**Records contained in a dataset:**
....................

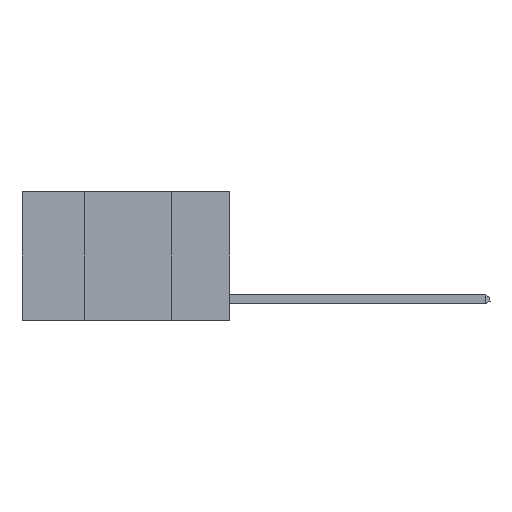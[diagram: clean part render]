
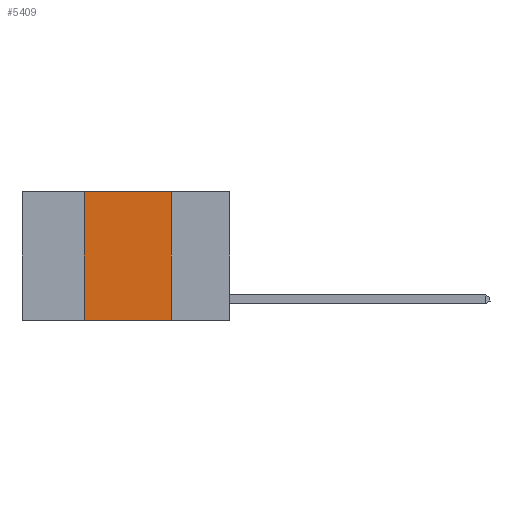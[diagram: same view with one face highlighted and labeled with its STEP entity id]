
A CAD part, left-side view. The second image highlights one B-rep face of the part: STEP entity #5409.
In plain terms, the highlighted planar face has unit normal (-1, 0, 0).
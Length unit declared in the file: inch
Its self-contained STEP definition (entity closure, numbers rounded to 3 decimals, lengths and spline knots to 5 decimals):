
#389 = CARTESIAN_POINT ( 'NONE',  ( 0., 0.17, 0. ) ) ;
#1282 = ORIENTED_EDGE ( 'NONE', *, *, #2052, .F. ) ;
#1344 = DIRECTION ( 'NONE',  ( 0., 0., 1. ) ) ;
#2052 = EDGE_CURVE ( 'NONE', #9768, #9759, #5951, .T. ) ;
#2468 = ORIENTED_EDGE ( 'NONE', *, *, #3118, .F. ) ;
#2647 = DIRECTION ( 'NONE',  ( 1., 0., 0. ) ) ;
#3118 = EDGE_CURVE ( 'NONE', #7639, #7178, #7653, .T. ) ;
#3179 = VECTOR ( 'NONE', #9313, 39.37008 ) ;
#3433 = VECTOR ( 'NONE', #1344, 39.37008 ) ;
#3624 = EDGE_CURVE ( 'NONE', #7639, #9759, #9362, .T. ) ;
#4012 = CARTESIAN_POINT ( 'NONE',  ( 0., 0.6, -0.37 ) ) ;
#4065 = FACE_OUTER_BOUND ( 'NONE', #5487, .T. ) ;
#4781 = CARTESIAN_POINT ( 'NONE',  ( 0., 0.42, 0. ) ) ;
#5128 = CARTESIAN_POINT ( 'NONE',  ( 0., 0.17, 0. ) ) ;
#5409 = ADVANCED_FACE ( 'NONE', ( #4065 ), #7454, .F. ) ;
#5487 = EDGE_LOOP ( 'NONE', ( #1282, #9325, #2468, #9965 ) ) ;
#5515 = EDGE_CURVE ( 'NONE', #7178, #9768, #7918, .T. ) ;
#5951 = LINE ( 'NONE', #5128, #7674 ) ;
#6463 = CARTESIAN_POINT ( 'NONE',  ( 0., 0.42, -0.37 ) ) ;
#6489 = AXIS2_PLACEMENT_3D ( 'NONE', #9608, #2647, #8151 ) ;
#6767 = DIRECTION ( 'NONE',  ( 0., 0., -1. ) ) ;
#6971 = DIRECTION ( 'NONE',  ( 0., -1., 0. ) ) ;
#7178 = VERTEX_POINT ( 'NONE', #4781 ) ;
#7454 = PLANE ( 'NONE',  #6489 ) ;
#7639 = VERTEX_POINT ( 'NONE', #6463 ) ;
#7653 = LINE ( 'NONE', #10098, #3433 ) ;
#7674 = VECTOR ( 'NONE', #6767, 39.37008 ) ;
#7918 = LINE ( 'NONE', #9934, #9677 ) ;
#8151 = DIRECTION ( 'NONE',  ( 0., 0., -1. ) ) ;
#9313 = DIRECTION ( 'NONE',  ( 0., -1., 0. ) ) ;
#9325 = ORIENTED_EDGE ( 'NONE', *, *, #5515, .F. ) ;
#9362 = LINE ( 'NONE', #4012, #3179 ) ;
#9608 = CARTESIAN_POINT ( 'NONE',  ( 0., 0.6, 0. ) ) ;
#9677 = VECTOR ( 'NONE', #6971, 39.37008 ) ;
#9759 = VERTEX_POINT ( 'NONE', #9762 ) ;
#9762 = CARTESIAN_POINT ( 'NONE',  ( 0., 0.17, -0.37 ) ) ;
#9768 = VERTEX_POINT ( 'NONE', #389 ) ;
#9934 = CARTESIAN_POINT ( 'NONE',  ( 0., 0.6, 0. ) ) ;
#9965 = ORIENTED_EDGE ( 'NONE', *, *, #3624, .T. ) ;
#10098 = CARTESIAN_POINT ( 'NONE',  ( 0., 0.42, 0. ) ) ;

....................

**Task description:** Set down a word-for-word copy of the records, dropping any picture.

**Answer for the task:**
[diagram: clean part render]
[diagram: same view with one face highlighted and labeled with its STEP entity id]
A CAD part, left-side view. The second image highlights one B-rep face of the part: STEP entity #5409.
In plain terms, the highlighted planar face has unit normal (-1, 0, 0).
Length unit declared in the file: inch
Its self-contained STEP definition (entity closure, numbers rounded to 3 decimals, lengths and spline knots to 5 decimals):
#389 = CARTESIAN_POINT ( 'NONE',  ( 0., 0.17, 0. ) ) ;
#1282 = ORIENTED_EDGE ( 'NONE', *, *, #2052, .F. ) ;
#1344 = DIRECTION ( 'NONE',  ( 0., 0., 1. ) ) ;
#2052 = EDGE_CURVE ( 'NONE', #9768, #9759, #5951, .T. ) ;
#2468 = ORIENTED_EDGE ( 'NONE', *, *, #3118, .F. ) ;
#2647 = DIRECTION ( 'NONE',  ( 1., 0., 0. ) ) ;
#3118 = EDGE_CURVE ( 'NONE', #7639, #7178, #7653, .T. ) ;
#3179 = VECTOR ( 'NONE', #9313, 39.37008 ) ;
#3433 = VECTOR ( 'NONE', #1344, 39.37008 ) ;
#3624 = EDGE_CURVE ( 'NONE', #7639, #9759, #9362, .T. ) ;
#4012 = CARTESIAN_POINT ( 'NONE',  ( 0., 0.6, -0.37 ) ) ;
#4065 = FACE_OUTER_BOUND ( 'NONE', #5487, .T. ) ;
#4781 = CARTESIAN_POINT ( 'NONE',  ( 0., 0.42, 0. ) ) ;
#5128 = CARTESIAN_POINT ( 'NONE',  ( 0., 0.17, 0. ) ) ;
#5409 = ADVANCED_FACE ( 'NONE', ( #4065 ), #7454, .F. ) ;
#5487 = EDGE_LOOP ( 'NONE', ( #1282, #9325, #2468, #9965 ) ) ;
#5515 = EDGE_CURVE ( 'NONE', #7178, #9768, #7918, .T. ) ;
#5951 = LINE ( 'NONE', #5128, #7674 ) ;
#6463 = CARTESIAN_POINT ( 'NONE',  ( 0., 0.42, -0.37 ) ) ;
#6489 = AXIS2_PLACEMENT_3D ( 'NONE', #9608, #2647, #8151 ) ;
#6767 = DIRECTION ( 'NONE',  ( 0., 0., -1. ) ) ;
#6971 = DIRECTION ( 'NONE',  ( 0., -1., 0. ) ) ;
#7178 = VERTEX_POINT ( 'NONE', #4781 ) ;
#7454 = PLANE ( 'NONE',  #6489 ) ;
#7639 = VERTEX_POINT ( 'NONE', #6463 ) ;
#7653 = LINE ( 'NONE', #10098, #3433 ) ;
#7674 = VECTOR ( 'NONE', #6767, 39.37008 ) ;
#7918 = LINE ( 'NONE', #9934, #9677 ) ;
#8151 = DIRECTION ( 'NONE',  ( 0., 0., -1. ) ) ;
#9313 = DIRECTION ( 'NONE',  ( 0., -1., 0. ) ) ;
#9325 = ORIENTED_EDGE ( 'NONE', *, *, #5515, .F. ) ;
#9362 = LINE ( 'NONE', #4012, #3179 ) ;
#9608 = CARTESIAN_POINT ( 'NONE',  ( 0., 0.6, 0. ) ) ;
#9677 = VECTOR ( 'NONE', #6971, 39.37008 ) ;
#9759 = VERTEX_POINT ( 'NONE', #9762 ) ;
#9762 = CARTESIAN_POINT ( 'NONE',  ( 0., 0.17, -0.37 ) ) ;
#9768 = VERTEX_POINT ( 'NONE', #389 ) ;
#9934 = CARTESIAN_POINT ( 'NONE',  ( 0., 0.6, 0. ) ) ;
#9965 = ORIENTED_EDGE ( 'NONE', *, *, #3624, .T. ) ;
#10098 = CARTESIAN_POINT ( 'NONE',  ( 0., 0.42, 0. ) ) ;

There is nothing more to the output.